# PCGH-Graka



## ile (4. September 2012)

Ich hätte ja gerne endlich mal ne Gamer-GRAKA, die im Idle nur 0,1 Sone erreicht. Weil: Warum müssen die Lüfter mit 1080 upm laufen, wenn sie doch mit 600-700 upm unhörbar wären und die Karte statt 29 auf 31 Grad kommt?  Das  mich einfach permanent an am derzeitigen Markt. Sowas wäre schon geil.


----------



## Painkiller (4. September 2012)

Siehe hier:

http://extreme.pcgameshardware.de/pcgh-sprechstunde/234391-pcgh-grafikkarten.html


----------



## ile (4. September 2012)

<<Painkiller>> schrieb:
			
		

> Siehe hier:
> 
> http://extreme.pcgameshardware.de/pcgh-sprechstunde/234391-pcgh-grafikkarten.html



Ja, da wollte ich zuerst posten, geht aber schließlich nicht, da bereits locked. Das ist das Manko am Sprechstundenthread...


----------



## McClaine (6. September 2012)

kannste doch jede Karte flashen und das Lüfterprofil bearbeiten!?


----------



## ile (6. September 2012)

McClaine schrieb:
			
		

> kannste doch jede Karte flashen und das Lüfterprofil bearbeiten!?



Ja, aber:

- Garantie weg
- Lüfter meist nicht langsamer, da Untergrenze des PWM-Spektrums bereits bei normalem BIOS erreicht, ergo: Kann gut sein, dass ich die Arbeit und das Garantiezerschießen auch noch umsonst gemacht habe...
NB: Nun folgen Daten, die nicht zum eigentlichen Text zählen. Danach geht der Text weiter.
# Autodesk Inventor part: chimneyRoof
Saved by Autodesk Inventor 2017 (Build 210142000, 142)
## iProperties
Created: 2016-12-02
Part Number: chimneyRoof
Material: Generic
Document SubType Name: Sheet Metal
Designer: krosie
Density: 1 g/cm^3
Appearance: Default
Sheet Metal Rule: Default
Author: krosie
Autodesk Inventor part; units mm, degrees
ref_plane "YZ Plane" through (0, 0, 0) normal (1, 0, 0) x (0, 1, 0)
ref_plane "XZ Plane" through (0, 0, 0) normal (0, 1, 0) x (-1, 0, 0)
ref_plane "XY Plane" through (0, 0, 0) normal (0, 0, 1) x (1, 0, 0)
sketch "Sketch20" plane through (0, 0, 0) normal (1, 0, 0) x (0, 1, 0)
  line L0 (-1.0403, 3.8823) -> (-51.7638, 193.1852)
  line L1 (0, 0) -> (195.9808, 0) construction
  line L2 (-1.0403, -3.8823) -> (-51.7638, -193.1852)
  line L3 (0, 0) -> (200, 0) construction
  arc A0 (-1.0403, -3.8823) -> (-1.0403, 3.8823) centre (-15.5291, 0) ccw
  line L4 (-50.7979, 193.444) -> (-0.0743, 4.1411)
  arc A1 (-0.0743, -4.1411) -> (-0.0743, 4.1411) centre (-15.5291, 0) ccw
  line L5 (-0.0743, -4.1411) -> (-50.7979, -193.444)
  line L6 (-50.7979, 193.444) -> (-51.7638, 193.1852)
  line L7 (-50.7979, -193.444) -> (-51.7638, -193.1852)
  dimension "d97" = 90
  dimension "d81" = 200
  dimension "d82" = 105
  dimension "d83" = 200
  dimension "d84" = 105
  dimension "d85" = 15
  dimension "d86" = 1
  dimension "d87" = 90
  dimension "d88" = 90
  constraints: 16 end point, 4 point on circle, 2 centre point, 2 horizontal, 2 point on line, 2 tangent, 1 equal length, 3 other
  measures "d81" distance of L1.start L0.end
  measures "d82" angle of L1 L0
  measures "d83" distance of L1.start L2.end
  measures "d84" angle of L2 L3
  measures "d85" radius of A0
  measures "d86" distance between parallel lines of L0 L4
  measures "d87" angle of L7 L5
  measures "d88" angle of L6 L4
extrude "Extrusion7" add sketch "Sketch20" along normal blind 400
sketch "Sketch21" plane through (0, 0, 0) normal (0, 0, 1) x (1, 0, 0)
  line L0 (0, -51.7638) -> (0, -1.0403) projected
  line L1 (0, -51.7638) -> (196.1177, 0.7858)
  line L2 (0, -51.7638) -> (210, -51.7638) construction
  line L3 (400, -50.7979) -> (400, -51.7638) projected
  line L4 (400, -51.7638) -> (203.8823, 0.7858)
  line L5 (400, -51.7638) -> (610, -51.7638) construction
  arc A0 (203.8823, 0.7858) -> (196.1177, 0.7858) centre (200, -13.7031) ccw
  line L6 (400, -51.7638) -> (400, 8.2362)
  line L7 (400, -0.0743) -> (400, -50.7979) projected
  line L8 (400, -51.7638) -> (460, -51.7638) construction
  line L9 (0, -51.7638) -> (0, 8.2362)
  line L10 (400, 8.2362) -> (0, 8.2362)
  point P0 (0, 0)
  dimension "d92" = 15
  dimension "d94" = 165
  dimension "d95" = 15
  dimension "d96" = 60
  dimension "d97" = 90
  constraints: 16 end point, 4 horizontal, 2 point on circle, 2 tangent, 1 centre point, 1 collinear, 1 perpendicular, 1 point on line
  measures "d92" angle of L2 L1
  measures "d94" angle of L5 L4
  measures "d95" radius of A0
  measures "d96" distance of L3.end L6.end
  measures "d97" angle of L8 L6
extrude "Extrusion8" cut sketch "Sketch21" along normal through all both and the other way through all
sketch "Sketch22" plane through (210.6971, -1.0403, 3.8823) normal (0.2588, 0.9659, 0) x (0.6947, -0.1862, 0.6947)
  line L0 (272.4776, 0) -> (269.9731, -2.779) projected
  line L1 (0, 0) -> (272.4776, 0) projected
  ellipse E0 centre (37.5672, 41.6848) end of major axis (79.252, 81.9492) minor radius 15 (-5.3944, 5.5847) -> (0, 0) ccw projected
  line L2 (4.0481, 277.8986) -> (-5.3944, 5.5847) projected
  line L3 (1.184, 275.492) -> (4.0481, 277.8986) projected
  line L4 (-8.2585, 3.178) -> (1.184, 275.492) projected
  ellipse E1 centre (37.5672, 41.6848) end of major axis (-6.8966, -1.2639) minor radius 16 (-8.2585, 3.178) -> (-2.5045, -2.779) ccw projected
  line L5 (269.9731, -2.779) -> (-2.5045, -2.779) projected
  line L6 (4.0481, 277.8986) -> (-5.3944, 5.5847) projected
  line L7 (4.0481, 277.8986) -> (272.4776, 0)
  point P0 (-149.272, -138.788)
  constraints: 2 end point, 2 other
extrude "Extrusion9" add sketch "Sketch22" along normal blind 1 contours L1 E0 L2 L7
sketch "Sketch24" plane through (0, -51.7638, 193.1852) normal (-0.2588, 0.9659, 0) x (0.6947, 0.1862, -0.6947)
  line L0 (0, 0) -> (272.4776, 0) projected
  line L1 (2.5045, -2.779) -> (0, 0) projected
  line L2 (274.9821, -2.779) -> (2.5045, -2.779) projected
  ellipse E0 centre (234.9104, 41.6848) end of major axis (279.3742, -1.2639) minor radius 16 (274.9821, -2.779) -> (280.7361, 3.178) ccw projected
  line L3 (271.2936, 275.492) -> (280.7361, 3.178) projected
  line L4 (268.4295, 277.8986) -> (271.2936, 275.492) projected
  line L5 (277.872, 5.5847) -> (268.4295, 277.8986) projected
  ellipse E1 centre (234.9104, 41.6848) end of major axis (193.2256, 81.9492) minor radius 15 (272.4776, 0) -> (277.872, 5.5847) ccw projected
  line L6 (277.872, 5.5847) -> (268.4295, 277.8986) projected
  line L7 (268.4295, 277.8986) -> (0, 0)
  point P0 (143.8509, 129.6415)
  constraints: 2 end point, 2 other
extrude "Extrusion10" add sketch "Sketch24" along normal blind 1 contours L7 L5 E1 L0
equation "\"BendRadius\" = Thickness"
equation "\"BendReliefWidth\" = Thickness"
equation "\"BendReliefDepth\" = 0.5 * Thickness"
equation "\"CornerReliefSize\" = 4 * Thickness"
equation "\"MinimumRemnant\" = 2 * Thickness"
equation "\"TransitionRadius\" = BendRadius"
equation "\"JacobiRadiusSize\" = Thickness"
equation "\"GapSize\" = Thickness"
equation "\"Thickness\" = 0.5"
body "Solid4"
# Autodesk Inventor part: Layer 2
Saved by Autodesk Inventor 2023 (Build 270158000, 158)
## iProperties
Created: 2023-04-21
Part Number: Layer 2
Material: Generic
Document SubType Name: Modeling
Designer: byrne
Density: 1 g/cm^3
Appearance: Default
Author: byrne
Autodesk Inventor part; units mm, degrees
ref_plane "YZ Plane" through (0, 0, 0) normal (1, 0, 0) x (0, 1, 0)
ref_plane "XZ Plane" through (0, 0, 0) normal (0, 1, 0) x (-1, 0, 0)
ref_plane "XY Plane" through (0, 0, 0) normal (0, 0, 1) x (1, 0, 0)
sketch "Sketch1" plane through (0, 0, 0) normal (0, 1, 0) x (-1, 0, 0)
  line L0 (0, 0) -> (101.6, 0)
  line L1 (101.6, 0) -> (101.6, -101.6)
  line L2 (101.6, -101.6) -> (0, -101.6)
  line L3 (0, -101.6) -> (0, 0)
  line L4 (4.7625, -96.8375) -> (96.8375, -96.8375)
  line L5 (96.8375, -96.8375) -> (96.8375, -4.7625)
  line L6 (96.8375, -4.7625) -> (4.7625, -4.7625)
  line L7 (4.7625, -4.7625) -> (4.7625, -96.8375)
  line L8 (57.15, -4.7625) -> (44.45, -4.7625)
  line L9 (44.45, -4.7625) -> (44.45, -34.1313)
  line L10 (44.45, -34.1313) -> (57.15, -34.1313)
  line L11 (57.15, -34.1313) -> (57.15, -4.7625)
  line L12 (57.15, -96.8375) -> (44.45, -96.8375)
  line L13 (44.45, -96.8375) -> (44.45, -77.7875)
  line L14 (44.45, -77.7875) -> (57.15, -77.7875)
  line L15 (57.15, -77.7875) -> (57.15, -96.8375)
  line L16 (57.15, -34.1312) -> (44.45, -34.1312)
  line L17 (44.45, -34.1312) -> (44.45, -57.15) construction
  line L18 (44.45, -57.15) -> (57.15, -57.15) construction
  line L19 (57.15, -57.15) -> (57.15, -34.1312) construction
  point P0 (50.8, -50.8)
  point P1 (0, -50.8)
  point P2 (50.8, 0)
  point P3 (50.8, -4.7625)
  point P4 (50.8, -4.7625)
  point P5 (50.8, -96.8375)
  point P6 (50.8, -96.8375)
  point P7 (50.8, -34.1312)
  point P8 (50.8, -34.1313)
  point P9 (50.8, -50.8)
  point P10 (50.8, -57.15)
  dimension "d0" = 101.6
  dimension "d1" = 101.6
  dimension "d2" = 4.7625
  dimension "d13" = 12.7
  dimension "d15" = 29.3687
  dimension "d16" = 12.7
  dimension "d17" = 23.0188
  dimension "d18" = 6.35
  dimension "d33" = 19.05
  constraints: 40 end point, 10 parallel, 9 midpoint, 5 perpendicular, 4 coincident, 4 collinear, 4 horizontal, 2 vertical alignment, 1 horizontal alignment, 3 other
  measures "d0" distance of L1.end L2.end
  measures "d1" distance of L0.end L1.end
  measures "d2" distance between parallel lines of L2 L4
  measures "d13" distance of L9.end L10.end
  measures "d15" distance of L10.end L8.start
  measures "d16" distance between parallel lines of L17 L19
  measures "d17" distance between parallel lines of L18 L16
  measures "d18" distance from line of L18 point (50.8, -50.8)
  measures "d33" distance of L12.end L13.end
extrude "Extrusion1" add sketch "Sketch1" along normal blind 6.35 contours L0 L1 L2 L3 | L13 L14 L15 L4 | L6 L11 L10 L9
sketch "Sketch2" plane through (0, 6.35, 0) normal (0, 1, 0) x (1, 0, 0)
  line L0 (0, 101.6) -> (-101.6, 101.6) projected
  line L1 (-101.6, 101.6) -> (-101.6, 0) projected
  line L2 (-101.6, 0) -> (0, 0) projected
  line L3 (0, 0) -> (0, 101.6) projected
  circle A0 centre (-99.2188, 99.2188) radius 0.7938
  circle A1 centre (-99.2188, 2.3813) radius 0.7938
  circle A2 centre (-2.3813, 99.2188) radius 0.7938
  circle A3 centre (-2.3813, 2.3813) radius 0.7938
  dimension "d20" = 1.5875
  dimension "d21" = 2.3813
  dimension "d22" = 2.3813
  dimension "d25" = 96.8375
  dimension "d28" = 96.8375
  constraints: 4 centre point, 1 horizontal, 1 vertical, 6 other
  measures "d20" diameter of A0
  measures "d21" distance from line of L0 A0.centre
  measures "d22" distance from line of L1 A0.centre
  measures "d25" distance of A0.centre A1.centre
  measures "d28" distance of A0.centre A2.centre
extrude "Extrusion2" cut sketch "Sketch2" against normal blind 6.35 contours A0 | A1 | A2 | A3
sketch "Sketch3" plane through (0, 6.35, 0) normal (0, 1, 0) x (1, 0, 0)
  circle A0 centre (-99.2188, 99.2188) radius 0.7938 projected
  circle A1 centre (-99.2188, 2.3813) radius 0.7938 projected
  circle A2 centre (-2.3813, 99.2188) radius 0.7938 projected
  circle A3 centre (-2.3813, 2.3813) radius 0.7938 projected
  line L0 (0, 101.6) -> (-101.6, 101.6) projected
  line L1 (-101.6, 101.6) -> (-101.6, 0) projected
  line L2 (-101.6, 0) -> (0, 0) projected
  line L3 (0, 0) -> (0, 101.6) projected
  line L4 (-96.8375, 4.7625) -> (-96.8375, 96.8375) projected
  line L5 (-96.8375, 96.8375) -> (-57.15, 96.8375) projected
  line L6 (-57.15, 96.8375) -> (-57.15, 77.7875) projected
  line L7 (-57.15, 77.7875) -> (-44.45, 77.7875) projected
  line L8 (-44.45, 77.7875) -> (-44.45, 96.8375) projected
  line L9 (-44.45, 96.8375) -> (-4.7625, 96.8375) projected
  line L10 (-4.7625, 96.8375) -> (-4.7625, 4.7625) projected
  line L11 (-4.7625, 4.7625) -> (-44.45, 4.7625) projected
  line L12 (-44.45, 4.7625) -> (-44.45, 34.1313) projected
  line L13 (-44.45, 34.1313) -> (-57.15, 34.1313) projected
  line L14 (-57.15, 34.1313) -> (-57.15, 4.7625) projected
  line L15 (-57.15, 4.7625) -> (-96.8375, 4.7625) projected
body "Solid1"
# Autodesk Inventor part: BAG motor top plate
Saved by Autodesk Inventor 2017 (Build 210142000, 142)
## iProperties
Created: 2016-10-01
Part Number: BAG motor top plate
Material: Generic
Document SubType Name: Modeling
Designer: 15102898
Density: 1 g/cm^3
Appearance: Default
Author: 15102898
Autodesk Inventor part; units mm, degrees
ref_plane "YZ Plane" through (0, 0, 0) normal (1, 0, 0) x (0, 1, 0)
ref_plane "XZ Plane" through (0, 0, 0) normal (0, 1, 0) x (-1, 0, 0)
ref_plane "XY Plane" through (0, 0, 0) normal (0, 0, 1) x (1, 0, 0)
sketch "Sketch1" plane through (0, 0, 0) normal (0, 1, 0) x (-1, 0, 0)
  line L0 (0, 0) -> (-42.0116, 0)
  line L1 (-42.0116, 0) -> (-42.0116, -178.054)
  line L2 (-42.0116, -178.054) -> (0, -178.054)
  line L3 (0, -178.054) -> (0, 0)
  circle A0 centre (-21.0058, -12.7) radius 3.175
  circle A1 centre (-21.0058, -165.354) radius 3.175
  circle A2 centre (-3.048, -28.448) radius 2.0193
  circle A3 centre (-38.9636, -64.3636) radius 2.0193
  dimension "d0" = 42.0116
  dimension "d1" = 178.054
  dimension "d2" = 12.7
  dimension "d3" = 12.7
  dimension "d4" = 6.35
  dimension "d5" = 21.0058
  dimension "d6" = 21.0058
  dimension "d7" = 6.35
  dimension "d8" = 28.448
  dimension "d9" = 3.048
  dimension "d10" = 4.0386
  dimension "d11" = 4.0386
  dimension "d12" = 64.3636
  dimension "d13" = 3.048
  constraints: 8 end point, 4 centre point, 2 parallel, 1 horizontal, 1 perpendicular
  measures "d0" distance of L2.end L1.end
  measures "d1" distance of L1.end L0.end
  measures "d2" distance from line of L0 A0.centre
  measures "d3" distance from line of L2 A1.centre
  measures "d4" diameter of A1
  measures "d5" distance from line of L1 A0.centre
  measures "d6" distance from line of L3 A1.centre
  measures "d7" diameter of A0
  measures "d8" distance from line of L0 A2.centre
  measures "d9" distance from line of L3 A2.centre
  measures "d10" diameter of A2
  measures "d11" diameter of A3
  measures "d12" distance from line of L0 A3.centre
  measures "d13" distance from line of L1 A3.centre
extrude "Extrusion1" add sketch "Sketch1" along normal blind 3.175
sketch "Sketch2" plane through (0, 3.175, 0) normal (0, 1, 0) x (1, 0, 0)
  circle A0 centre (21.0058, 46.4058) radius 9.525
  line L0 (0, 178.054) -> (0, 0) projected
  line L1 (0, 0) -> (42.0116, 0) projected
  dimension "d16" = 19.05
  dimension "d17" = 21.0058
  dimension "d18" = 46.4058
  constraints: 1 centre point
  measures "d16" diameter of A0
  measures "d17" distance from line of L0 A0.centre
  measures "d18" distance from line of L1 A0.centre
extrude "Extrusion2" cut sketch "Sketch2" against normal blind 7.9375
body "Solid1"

Ich bin überhaupt nicht zufrieden mit dem Markt derzeit.


----------



## sc59 (6. September 2012)

Ich bin überhaupt nicht zufrieden mit dem Markt derzeit.[/QUOTE schrieb:
			
		

> Danke das es jemand ganz genauso empfindet wie ich.
> bei ca. 170 Watt TDP (bsp.: GTX670) kleine Alubrocken mit Kupferkern auf einen Chip zu bauen und behaupten das ist ein WunderWerk der Technik ist lächerlich.
> Ich würde mir inzwischen ein Referenzdesigne von AMD/Nvidia wünschen wo manche Custom Hersteller nicht mehr weiter kommen.
> greetz sc59


----------



## ile (7. September 2012)

sc59 schrieb:
			
		

> [Inhalt des Posts]



 Aber echt!


----------



## GoldenMic (7. September 2012)

ile schrieb:


> Ich hätte ja gerne endlich mal ne Gamer-GRAKA, die im Idle nur 0,1 Sone erreicht. Weil: Warum müssen die Lüfter mit 1080 upm laufen, wenn sie doch mit 600-700 upm unhörbar wären und die Karte statt 29 auf 31 Grad kommt?  Das  mich einfach permanent an am derzeitigen Markt. Sowas wäre schon geil.


 
KFA GTX 580 Anarchy. 0,2 Sone mit dem VGA Tool, ansosnten 0,1 Sone iirc.
KFA² GeForce GTX 580 Anarchy, 1.5GB GDDR5, 2x DVI, Mini HDMI Preisvergleich | Geizhals Deutschland

Auch bei aktuellen Karten gibt es sehr leise Modelle, aber ob 0,1 oder 0,3 Sone im Idle macht denke ich keinen Unterschied. Das hörst du warscheinlich eh nicht.
Asus GTX 660 ti wäre da mein Tipp, siehe aktuelle Print.


----------



## ile (7. September 2012)

GoldenMic schrieb:
			
		

> KFA GTX 580 Anarchy. 0,2 Sone mit dem VGA Tool, ansosnten 0,1 Sone iirc.
> KFA² GeForce GTX 580 Anarchy, 1.5GB GDDR5, 2x DVI, Mini HDMI Preisvergleich | Geizhals Deutschland
> 
> Auch bei aktuellen Karten gibt es sehr leise Modelle, aber ob 0,1 oder 0,3 Sone im Idle macht denke ich keinen Unterschied. Das hörst du warscheinlich eh nicht.
> Asus GTX 660 ti wäre da mein Tipp, siehe aktuelle Print.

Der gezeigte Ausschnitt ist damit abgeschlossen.